How to work on building a classifier?

I am new to KNIME. I am recently working on my school work on building a different classifier to predict something. I watched the tutorial video but so confused. In this task, I need to predict X has a salary > 50K through the ROC curve. I try to work with different nodes like a decision tree and random forest etc but I think I missed something that refuses to produce the prediction out. It will great that somebody can help and have a look at my workflow or would like to have some guide to work on my task.
ass3_predication.knwf (47.1 KB)

Hi @gameboy and welcome to the forum.

There are two common difficulties in producing a valid ROC curve - you must be sure to generate probabilities in the preceding predictor node (otherwise the ROC Curve doesn’t have anything useful to plot), and you must configure the ROC Curve itself properly.

Check out a sample workflow on the Hub here:

If you’re still having trouble, could you upload your training data as as well?

And if you don’t mind my asking, what class is this for? We’re always interested to know which university programs are actively teaching KNIME :slight_smile:

1 Like

Hi, thanks for replying. I think I have a problem with data preprocessing part and not sure how to generate the predictive as my model cannot predict anything. I read my training data on the first step.
It is a data analytics fundamental class and we can choose any method like using R and python.
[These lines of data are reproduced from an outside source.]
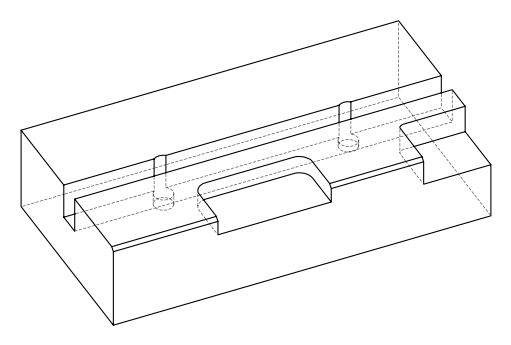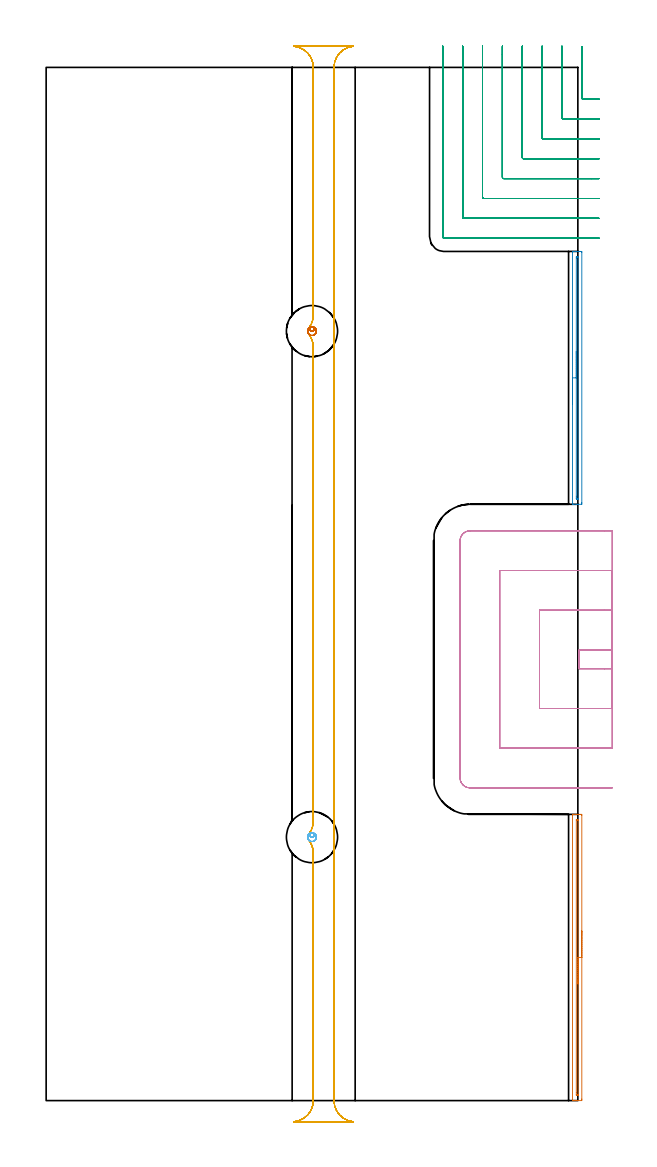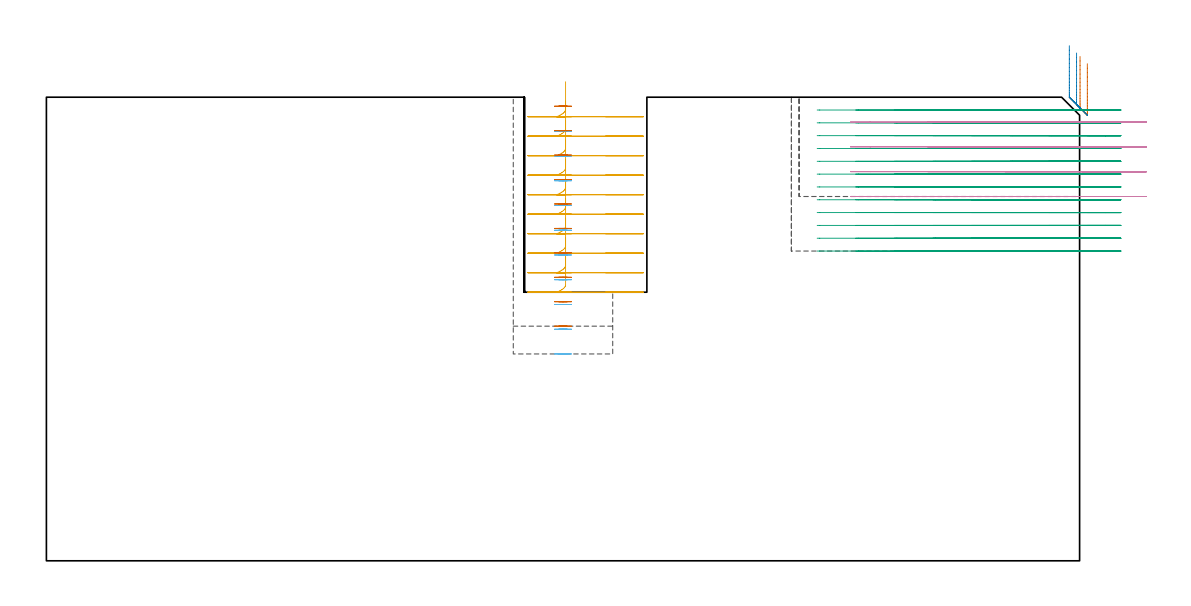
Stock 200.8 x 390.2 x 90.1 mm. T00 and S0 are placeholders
(PLAN: 7 operations, 3 tool changes, 47.5 min)
(1 AREA_MILL | FG_CHAMFER_SURFACE | UGT0205_001 | 1.88 min | 676 mm3)
(2 AREA_MILL_1 | FG_CHAMFER_SURFACE_1 | UGT0205_001 | 1.68 min | 616 mm3)
(3 MILL_CORNER_NOTCH_RECTANGULAR | CORNER_NOTCH_RECTANGULAR | NXT0201_010 | Follow Part, ap 2.5, ae 75% | 17.33 min | 116178 mm3)
(4 MILL_SLOT | SLOT_PARTIAL_RECTANGULAR | UGT0201_094 | Follow Part, ap 5, ae 75% | 6.59 min | 121576 mm3)
(5 MILL_RECTANGULAR_SLOT | SLOT_RECTANGULAR | NXT0201_012 | Follow Part, ap 4, ae 75% | 18.68 min | 353146 mm3)
(6 MILL_BLIND_HOLE_FROM_SOLID_MATERIAL | STEP1POCKET | NXT0201_012 | Spiral | 0.7 min | 3596 mm3)
(7 MILL_BLIND_HOLE_FROM_SOLID_MATERIAL_1 | STEP1POCKET_1 | NXT0201_012 | Spiral | 0.63 min | 2057 mm3)
(TOOL UGT0205_001 | Chamfer Mill 20 x 3 x 45 deg. | D20 FL50 Z2)
(TOOL NXT0201_010 | ENDMILL 10mm [2P460-1000-NA 1630] | D10 FL30 Z6)
(TOOL UGT0201_094 | End mill 20 mm | D20 FL38 Z4)
(TOOL NXT0201_012 | ENDMILL 16mm [2P460-1600-NA 1630] | D16 FL38 Z6)
(OP 1 AREA_MILL)
G17 G21 G94 G90
T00 M6
G54
G17 G0 G90 X202.3 Y64.05 S1061 M3
G43 Z100.1 H0
Z96.6
G94 G1 Y64.012 Z95.728 F250.
Y63.898 Z94.863
Y63.709 Z94.012
Y63.447 Z93.18
Y63.113 Z92.374
Y62.71 Z91.6
Y62.242 Z90.864
Y61.71 Z90.172
Y61.121 Z89.529
Y60.478 Z88.94
Y59.786 Z88.408
Y59.05 Z87.94
Y58.276 Z87.537
Y57.47 Z87.203
Y56.638 Z86.941
Y55.786 Z86.752
Y54.922 Z86.638
Y54.05 Z86.6
Y0.586
X202.299 Y0.358 Z86.601
X202.291 Y0.002 Z86.605
X202.147 Y0. Z86.75
X200.99 Z87.906
X200.435 Z88.464
X199.785 Z89.114
X199.071 Z89.828
X198.806 Y0.01 Z90.093
X198.8 Y0.141 Z90.1
Y107.96
X198.806 Y108.09 Z90.092
X199.071 Y108.1 Z89.828
X199.785 Z89.114
X200.435 Z88.464
X200.99 Z87.906
X201.267 Z87.629
X201.87 Z87.027
X202.147 Z86.75
X202.291 Y108.098 Z86.605
X202.3 Y107.742 Z86.6
Y54.05
X200.886 Z88.014
Y2.33
X200.884 Y2.143 Z88.016
X200.881 Y2.05 Z88.019
X200.879 Y2.013 Z88.021
X200.75 Y2.009 Z88.15
X200.47 Y2.004 Z88.43
X200.298 Y2.01 Z88.602
X200.221 Y2.024 Z88.679
X200.216 Y2.261 Z88.684
X200.215 Y2.368 Z88.685
X200.214 Y3.048 Z88.686
X200.215 Y105.732 Z88.685
X200.22 Y106.071 Z88.68
X200.221 Y106.086 Z88.679
X200.229 Y106.09 Z88.671
X200.259 Y106.096 Z88.641
X200.308 Y106.099 Z88.592
X200.368 Z88.532
X200.629 Y106.097 Z88.271
X200.802 Y106.09 Z88.098
X200.879 Y106.076 Z88.021
X200.884 Y105.839 Z88.016
X200.885 Y105.732 Z88.015
X200.886 Y54.05 Z88.014
Y53.178 Z88.052
Y52.314 Z88.166
Y51.462 Z88.355
Y50.63 Z88.617
Y49.824 Z88.951
Y49.05 Z89.354
Y48.314 Z89.823
Y47.622 Z90.354
Y46.979 Z90.943
Y46.39 Z91.586
Y45.858 Z92.278
Y45.39 Z93.014
Y44.987 Z93.788
Y44.653 Z94.594
Y44.391 Z95.426
Y44.202 Z96.278
Y44.088 Z97.143
Y44.05 Z98.014
G0 Z100.1
M5
M2
(OP 2 AREA_MILL_1)
G17 G21 G94 G90
T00 M6
G54
G17 G0 G90 X198.8 Y262.95 S1061 M3
G43 Z100.1 H0
G94 G1 Y262.988 Z99.228 F250.
Y263.102 Z98.363
Y263.291 Z97.512
Y263.553 Z96.68
Y263.887 Z95.874
Y264.29 Z95.1
Y264.758 Z94.364
Y265.29 Z93.672
Y265.879 Z93.029
Y266.522 Z92.439
Y267.214 Z91.908
Y267.95 Z91.44
Y268.724 Z91.037
Y269.53 Z90.703
Y270.362 Z90.441
Y271.213 Z90.252
Y272.078 Z90.138
Y272.95 Z90.1
Y320.572
X198.806 Y320.69 Z90.092
X199.047 Y320.7 Z89.851
X199.736 Z89.163
X200.484 Z88.415
X200.99 Z87.906
X201.243 Z87.654
X201.87 Z87.027
X202.123 Z86.775
X202.291 Y320.698 Z86.605
X202.3 Y320.355 Z86.6
Y225.773
X202.299 Y225.545 Z86.601
X202.291 Y225.202 Z86.605
X202.123 Y225.2 Z86.775
X200.99 Z87.906
X200.484 Z88.415
X199.047 Z89.852
X198.806 Y225.21 Z90.092
X198.8 Y225.328 Z90.1
Y272.95
X200.214 Z88.686
X200.215 Y318.241 Z88.685
X200.216 Y318.347 Z88.684
X200.221 Y318.677 Z88.679
X200.376 Y318.69 Z88.524
X200.645 Y318.696 Z88.255
X200.805 Y318.69 Z88.095
X200.879 Y318.683 Z88.021
X200.884 Y318.454 Z88.016
X200.885 Y318.347 Z88.015
Y227.33
X200.884 Y227.236 Z88.016
X200.882 Y227.215 Z88.018
X200.881 Y227.211 Z88.019
X200.842 Y227.207 Z88.058
X200.712 Y227.203 Z88.188
X200.457 Z88.443
X200.295 Y227.21 Z88.605
X200.221 Y227.217 Z88.679
X200.216 Y227.446 Z88.684
X200.215 Y227.553 Z88.685
X200.214 Y228.233 Z88.686
Y272.95
Y273.822 Z88.724
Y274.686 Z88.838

It’s hard for me to tell without your data, so I loaded my own data into your workflow. I noticed in the Column Filter and Random Forest learner nodes I see a lot of columns in the red exclude box, which is going to remove them from your analysis. Maybe this is your problem?

As I said before, if you upload your training data maybe we can get a better picture of what is going on. Otherwise it’s just guessing :slight_smile:

1 Like

It seems you are using the census income dataset. If you want to learn more about KNIME and especially machine learning I compiled a few links in this entry - the dataset is also used in one example.

Also in the next entry @ipazin mentions the free udemy course on KNIME which also has a machine learning part:

Then if you are free to use any method like R or Python you could still use KNIME as a wrapper and to evaluate the results in a standardized way.


This topic was automatically closed 182 days after the last reply. New replies are no longer allowed.